Monday, May. 10, 1943
Trouble in WPB -- Again
"How do we stand in this war at 11 o'clock this morning of April 27, 1943?"
Lieut. General Brehon B. Somervell, Chief of the Army Services of Supply, asked this question of himself, of the upturned faces at the opening session in New York of the Chamber of Commerce convention, and of the nation. Then he gave part of the answer:
The U.S. Army will not be completely equipped until late in 1944--despite the "truly remarkable job American business and industry have done in 17 months." Essential cargo for the available shipping is still difficult to supply. On many occasions equipment has been withdrawn from troops in training to supply troops overseas. Rumors that the army is so flooded with equipment that plants have had to shut down are fifth-column rumors designed to slow production. Some cutbacks in schedules have occurred. But only in one field, ammunition, is there a reserve.
These forthright words of General Somervell shocked the gathered businessmen. If General Somervell knew what he was talking about, war production was not even approaching the crest of the hump.
Tank Surplus? After the shock wore off, businessmen wondered why, then, they had seen plants standing idle. So did civilians who have passed enormous army dumps jammed wheel to wheel with trucks, have seen massed fields of hundreds of tanks. Army Ordnance itself has even complained of a big tank surplus at Chester, Pa. Statisticians recalled further that the cutback of a "few facilities" totaled around $3,000,000,000.
It might be true, as General Somervell stated, that nearly all of the 90 "facilities" affected by recent materiel changes had been restored to production. But production-minded civilians still asked questions. Could a plant built to make tanks, for example, be easily converted to make plane parts? Why was equipment so short? Why was the arms program out of balance? Changing requirements based on battle experience and obsolescence of equipment could not be the whole answer.
Nathan to Army. Into the Army as a private last week went a man who carried many of the answers in his big, black-thatched head. He is huge, gorilla-shouldered Robert Nathan, 34, former chairman of WPB's planning committee. Nathan was one of the few New Dealers who demanded billions of dollars for the war effort when the services couldn't see how they could use millions. Profiting by the lessons of the war, he was one who fought vigorously to expand the nation's raw material supply when the services went hog-wild in building plants to produce munitions for which they couldn't get the raw materials. The services had overruled Nathan and the men who stood with him. They had had their way with each successive, fumbling war board, right down to the weak War Production Board.
And WPB was in bad trouble again--the same old story of a struggle for power from below because none was exercised from above.
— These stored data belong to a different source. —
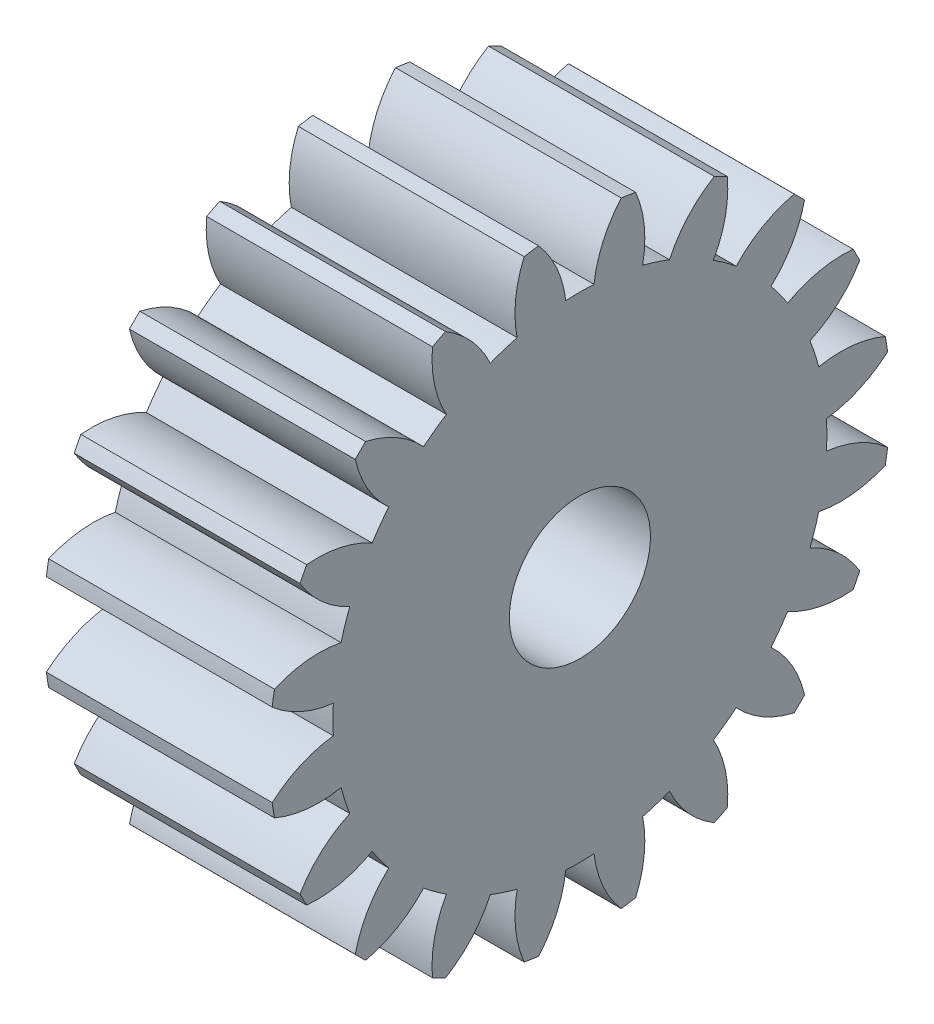
SolidWorks part; units mm, degrees
ref_plane "Plane1" through (0, 0, 0) normal (0, 0, 1) x (1, 0, 0)
ref_plane "Plane2" through (0, 0, 0) normal (0, 1, 0) x (1, 0, 0)
ref_plane "Plane3" through (0, 0, 0) normal (1, 0, 0) x (0, 0, -1)
other "Configuration Table"
sketch "HoldingSke" plane through (0, 0, 0) normal (0, 1, 0) x (1, 0, 0)
  line L0 (0, 0) -> (0.9397, -0.342)
  line L1 (-15, 0) -> (100, 0) construction
  line L2 (0, 0) -> (-2.1039, 2.3779)
  line L3 (0, 0) -> (-11.863, 4.5341)
  line L4 (0, 0) -> (8.1152, 2.9537)
  line L5 (0, 0) -> (-46.8476, -17.4728)
  line L6 (0, 0) -> (-6.6317, -4.4744)
  line L7 (-2.1039, 2.3779) -> (8.6586, 51.2059)
  line L8 (-76.2, 54.61) -> (-75.3, 54.61)
  line L9 (-71.009, 38.7566) -> (-53.1078, 45.2721)
  line L10 (-76.2, 71.12) -> (104.1128, 71.12)
  line L11 (0, 0) -> (-8, 0)
  line L12 (-76.2, 101.6) -> (-76.162, 101.6)
  line L13 (24.9733, 27.94) -> (52.9518, 28.4284)
  line L14 (24.9733, 27.94) -> (24.9743, 27.94)
  line L15 (24.9733, 27.94) -> (100.4006, 29.5858)
  line L16 (-63.627, -1) -> (-12.827, -1)
  circle A0 centre (0, 0) radius 2.5
  circle A1 centre (0, 0) radius 8.749
  circle A2 centre (0, 0) radius 37.5
  circle A3 centre (0, 0) radius 2.5
  dimension "MHD" = 17.498
  dimension "Hub_dia" = 75
  dimension "Bore" = 5
  dimension "MBD" = 5
  dimension "Num_teeth" = 20
  dimension "Pitch" = 1
  dimension "Overall_len" = 50
  dimension "Show_teeth" = 20
  dimension "Thickness" = 8
  dimension "OAL" = 50.0001
  dimension "T_dim" = 0.9
  dimension "Ap" = 20
  dimension "H" = 19.05
  dimension "Pitch_radius" = 180.3128
  dimension "Width" = 8
  dimension "Backlash" = 0.038
  dimension "Addendum_fac" = 1
  dimension "Dedendum_fac" = 1.25
  dimension "Clearance_fac" = 0.25
  dimension "Dedendum_add" = 0.001
  dimension "Module" = 1
sketch "BasProSke" plane through (0, 0, 0) normal (0, 1, 0) x (1, 0, 0)
  line L0 (-10, 0) -> (60, 0) construction
  line L1 (0, 0) -> (0, 11)
  line L2 (0, 0) -> (8, 0)
  line L3 (8, 0) -> (8, 11)
  line L4 (8, 11) -> (0, 11)
  dimension "Thickness" = 8
  dimension "Diameter" = 22
revolve "Base-Revolve" add sketch "BasProSke" angle 360 about L0
sketch "TooCutSke" plane through (0, 0, 0) normal (1, 0, 0) x (0, 0, -1)
  line L1 (0, 0) -> (0, 107) construction
  line L2 (0, 0) -> (-0.8511, 9.9637) construction
  line L3 (0, 0) -> (-3.1206, 19.7028) construction
  line L4 (-0.8511, 9.9637) -> (-1.5603, 9.8514) construction
  arc A0 (0.4999, 8.7347) -> (-0.4999, 8.7347) centre (0, 0) ccw
  arc A1 (1.4852, 10.9249) -> (-1.4852, 10.9249) centre (0, 0) ccw
  circle A2 centre (0, 0) radius 10 construction
  circle A3 centre (0, 0) radius 9.3969 construction
  arc A4 (-0.4999, 8.7347) -> (-1.4852, 10.9249) centre (-4.4722, 8.2645) ccw
  arc A5 (1.4852, 10.9249) -> (0.4999, 8.7347) centre (4.4722, 8.2645) ccw
  dimension "Root_dia" = 17.498
  dimension "Overcut_dia" = 22.0508
  dimension "Pitch_dia" = 20
  dimension "Base_dia" = 18.7939
  dimension "Flank_rad" = 4
  dimension "Half_ang" = 9
  dimension "Half_CT" = 0.7181
extrude "ToothCut" cut sketch "TooCutSke" along normal through all
fillet "Breaks" [suppressed] radius 0.02
fillet "RootFillets" [suppressed] radius 0.251
pattern_circular "TeethCuts" count 20 every 18 about axis through (-10, 0, 0) along (1, 0, 0) of "ToothCut", "RootFillets", "Breaks"
sketch "HubNeaOneSke" plane through (0, 0, 0) normal (-1, 0, 0) x (0, 0, 1)
  circle A0 centre (0, 0) radius 8.749
  dimension "Diameter" = 17.498
extrude "HubNearOne" [suppressed] add sketch "HubNeaOneSke" along normal blind 42.0001
sketch "HubNeaBotSke" plane through (0, 0, 0) normal (-1, 0, 0) x (0, 0, 1)
  circle A0 centre (0, 0) radius 8.749
  dimension "Diameter" = 17.498
extrude "HubNearBoth" [suppressed] add sketch "HubNeaBotSke" along normal blind 21
ref_plane "FarPln" through (8, 0, 0) normal (1, 0, 0) x (0, 0, -1)
sketch "HubFarSke" plane through (8, 0, 0) normal (1, 0, 0) x (0, 0, -1)
  circle A0 centre (0, 0) radius 8.749
  dimension "Diameter" = 17.498
extrude "HubFar" [suppressed] add sketch "HubFarSke" along normal blind 21
sketch "BorSke" plane through (0, 0, 0) normal (1, 0, 0) x (0, 0, -1)
  circle A0 centre (0, 0) radius 2.5
  dimension "Diameter" = 5
extrude "Bore" cut sketch "BorSke" along normal mid plane 100.0001
sketch "KeySke" plane through (0, 0, 0) normal (1, 0, 0) x (0, 0, -1)
  line L0 (-1, 0) -> (-1, 3.4)
  line L1 (-1, 3.4) -> (1, 3.4)
  line L2 (1, 3.4) -> (1, 0)
  line L3 (0, 0) -> (0, 34) construction
  line L4 (-1, 0) -> (1, 0)
  dimension "Offset" = 3.4
  dimension "Width" = 2
extrude "Keyway" [suppressed] cut sketch "KeySke" along normal mid plane 100.0001
pattern_circular "Keyway2" [suppressed] count 2 every 90 about axis through (-10, 0, 0) along (1, 0, 0)
equation "' \"Module@HoldingSke\" = 6.35"
equation "' \"Num_teeth@HoldingSke\" = 12"
equation "' \"Ap@HoldingSke\" =  20"
equation "' \"Ap@HoldingSke\" = 20"
equation "' \"Width@HoldingSke\" = 0.5 * 25.4"
equation "' \"Hub_dia@HoldingSke\"= 1 * 25.4"
equation "' \"Hub_dia@HoldingSke\" = 1 * 25.4"
equation "' \"Overall_len@HoldingSke\" = 1.0 * 25.4"
equation "' \"Bore@HoldingSke\" = 0.75 * 25.4"
equation "' \"T_dim@HoldingSke\" = 0.1 * 25.4"
equation "' \"Width@KeySke\" = 0.25 * 25.4"
equation "' \"Show_teeth@HoldingSke\" = 13"
equation "' \"Backlash@HoldingSke\" = 0.009 * 25.4"
equation "' \"Addendum_fac@HoldingSke\" = 1.0"
equation "' \"Dedendum_fac@HoldingSke\" = 1.25"
equation "' \"Dedendum_add@HoldingSke\" = 0.00005 * 25.4"
equation "' \"Clearance_fac@HoldingSke\" = 0.25"
equation "\"Pitch@HoldingSke\" = 1 / \"Module@HoldingSke\""
equation "\"Overcut_dia@TooCutSke\" = (\"Num_teeth@HoldingSke\" + 2 * \"Addendum_fac@HoldingSke\") / \"Pitch@HoldingSke\" + 0.002 * 25.4"
equation "\"Pitch_dia@TooCutSke\" = \"Num_teeth@HoldingSke\" / \"Pitch@HoldingSke\""
equation "\"Base_dia@TooCutSke\" = \"Num_teeth@HoldingSke\" / \"Pitch@HoldingSke\" * cos((\"Ap@HoldingSke\"  * 3.14159265 / 180))"
equation "\"Root_dia@TooCutSke\" = (\"Num_teeth@HoldingSke\" + 2) / \"Pitch@HoldingSke\" - 2 * (\"Addendum_fac@HoldingSke\" + \"Dedendum_fac@HoldingSke\") / \"Pitch@HoldingSke\" - \"Dedendum_add@HoldingSke\" * 2"
equation "\"Half_ang@TooCutSke\" = 180 / \"Num_teeth@HoldingSke\""
equation "\"Half_CT@TooCutSke\" = \"Num_teeth@HoldingSke\" / \"Pitch@HoldingSke\" * sin((3.14159265 / 2 / \"Num_teeth@HoldingSke\")) / 2 - 7 * \"Backlash@HoldingSke\" / 4"
equation "\"Flank_rad@TooCutSke\" = \"Num_teeth@HoldingSke\" / \"Pitch@HoldingSke\" / 5"
equation "\"Radius@RootFillets\" = \"Clearance_fac@HoldingSke\" / \"Pitch@HoldingSke\" + \"Dedendum_add@HoldingSke\""
equation "\"Break_rad@Breaks\" = 0.02 / \"Pitch@HoldingSke\""
equation "\"Thickness@HoldingSke\" = \"Width@HoldingSke\""
equation "\"OAL@HoldingSke\" = \"Thickness@HoldingSke\""
equation "\"MHD@HoldingSke\" = (\"Num_teeth@HoldingSke\" + 2) / \"Pitch@HoldingSke\" - 2 * (\"Addendum_fac@HoldingSke\" + \"Dedendum_fac@HoldingSke\")  / \"Pitch@HoldingSke\" - \"Dedendum_add@HoldingSke\" * 2"
equation "\"MBD@HoldingSke\" = (\"Num_teeth@HoldingSke\" + 2) / \"Pitch@HoldingSke\" - 2 * (\"Addendum_fac@HoldingSke\" + \"Dedendum_fac@HoldingSke\")  / \"Pitch@HoldingSke\" - \"Dedendum_add@HoldingSke\" * 2 - 0.002 * 25.4"
equation "\"MHD@HoldingSke\" = ((sgn( \"MHD@HoldingSke\" - \"Hub_dia@HoldingSke\" )-1)*( \"MHD@HoldingSke\" - \"Hub_dia@HoldingSke\" ))/-2+ \"Hub_dia@HoldingSke\""
equation "\"MBD@HoldingSke\" = ((sgn( \"MBD@HoldingSke\" - \"Bore@HoldingSke\" )-1)*( \"MBD@HoldingSke\" - \"Bore@HoldingSke\" ))/-2+ \"Bore@HoldingSke\""
equation "\"OAL@HoldingSke\" = ((sgn( \"OAL@HoldingSke\" - \"Overall_len@HoldingSke\" )+1)*( \"OAL@HoldingSke\" - \"Overall_len@HoldingSke\" ))/2 + \"Overall_len@HoldingSke\" + 0.000002 * 25.4"
equation "\"Num_teeth@TeethCuts\" = int( \"Show_teeth@HoldingSke\" ) + 1"
equation "\"Num_teeth@TeethCuts\" = ((sgn( \"Num_teeth@TeethCuts\" - \"Num_teeth@HoldingSke\" )-1)*( \"Num_teeth@TeethCuts\" - \"Num_teeth@HoldingSke\" ))/-2+ \"Num_teeth@HoldingSke\""
equation "\"Num_teeth@TeethCuts\" = ((sgn( \"Num_teeth@TeethCuts\" - 2.0)+1)*( \"Num_teeth@TeethCuts\" - 2.0))/2 +2.0"
equation "\"Angle@TeethCuts\" = 360.0 / \"Num_teeth@HoldingSke\""
equation "\"Diameter@BasProSke\" = (\"Num_teeth@HoldingSke\" + 2 * \"Addendum_fac@HoldingSke\") / \"Pitch@HoldingSke\""
equation "\"Thickness@BasProSke\"  = \"Thickness@HoldingSke\""
equation "' \"Fillet_rad@BasProSke\" =  \"Thickness@HoldingSke\" * 0.05"
equation "' \"Fillet_rad@BasProSke\" = \"Thickness@HoldingSke\" * 0.05"
equation "\"MHD@HoldingSke\" = ((sgn( \"MHD@HoldingSke\" - \"Root_dia@TooCutSke\" )-1)*( \"MHD@HoldingSke\" - \"Root_dia@TooCutSke\" ))/-2+ \"Root_dia@TooCutSke\""
equation "\"Diameter@HubNeaOneSke\" = \"MHD@HoldingSke\""
equation "\"Length@HubNearOne\" = \"OAL@HoldingSke\" - \"Thickness@BasProSke\""
equation "\"Diameter@HubNeaBotSke\" = \"MHD@HoldingSke\""
equation "\"Length@HubNearBoth\" = ( \"OAL@HoldingSke\" - \"Thickness@BasProSke\" ) / 2.0"
equation "\"Thickness@FarPln\" = \"Thickness@BasProSke\""
equation "\"Diameter@HubFarSke\" = \"MHD@HoldingSke\""
equation "\"Length@HubFar\" = ( \"OAL@HoldingSke\" - \"Thickness@BasProSke\" ) / 2.0"
equation "\"Diameter@BorSke\" = \"MBD@HoldingSke\""
equation "\"D1@Bore\" = \"OAL@HoldingSke\" * 2.0"
equation "\"D1@Keyway\" = \"OAL@HoldingSke\" * 2.0"
equation "\"Offset@KeySke\" = \"T_dim@HoldingSke\" + \"MBD@HoldingSke\" / 2.0"

The point of General Somervell's speech actually was that WPB had failed and was still failing. This was the point of many Washington developments throughout the week. And every one of the developments was a direct blow to Donald Marr Nelson, the fumbling, ineffectual WPBoss who had more power than Bernard Baruch had in World War I but who either didn't use it or didn't know how.
The week's onslaught on Nelson added up almost to an indictment. Congress was weary of the fumbling. The Senate planned soon to pass the Maloney bill, which would strip Nelson of about half his powers, those over civilian supply, and turn them over to a new agency directly under Economic Czar Jimmy Byrnes (TIME, April 26).
Nelson to the Hill. But the main attack on Nelson came from Capitol Hill, where the Truman Committee had begun to delve into the rubber and 100-octane programs. When War Under Secretary Robert P. Patterson charged that the rubber program had caused a shortage of 100-octane gasoline for planes, and thus delayed all-out bombing of Germany, the public had thought he was after the Rubber Czar, Bull Bill Jeffers. But when the Truman Committee dug, they hardly noticed Jeffers; the real quarry turned out to be Nelson.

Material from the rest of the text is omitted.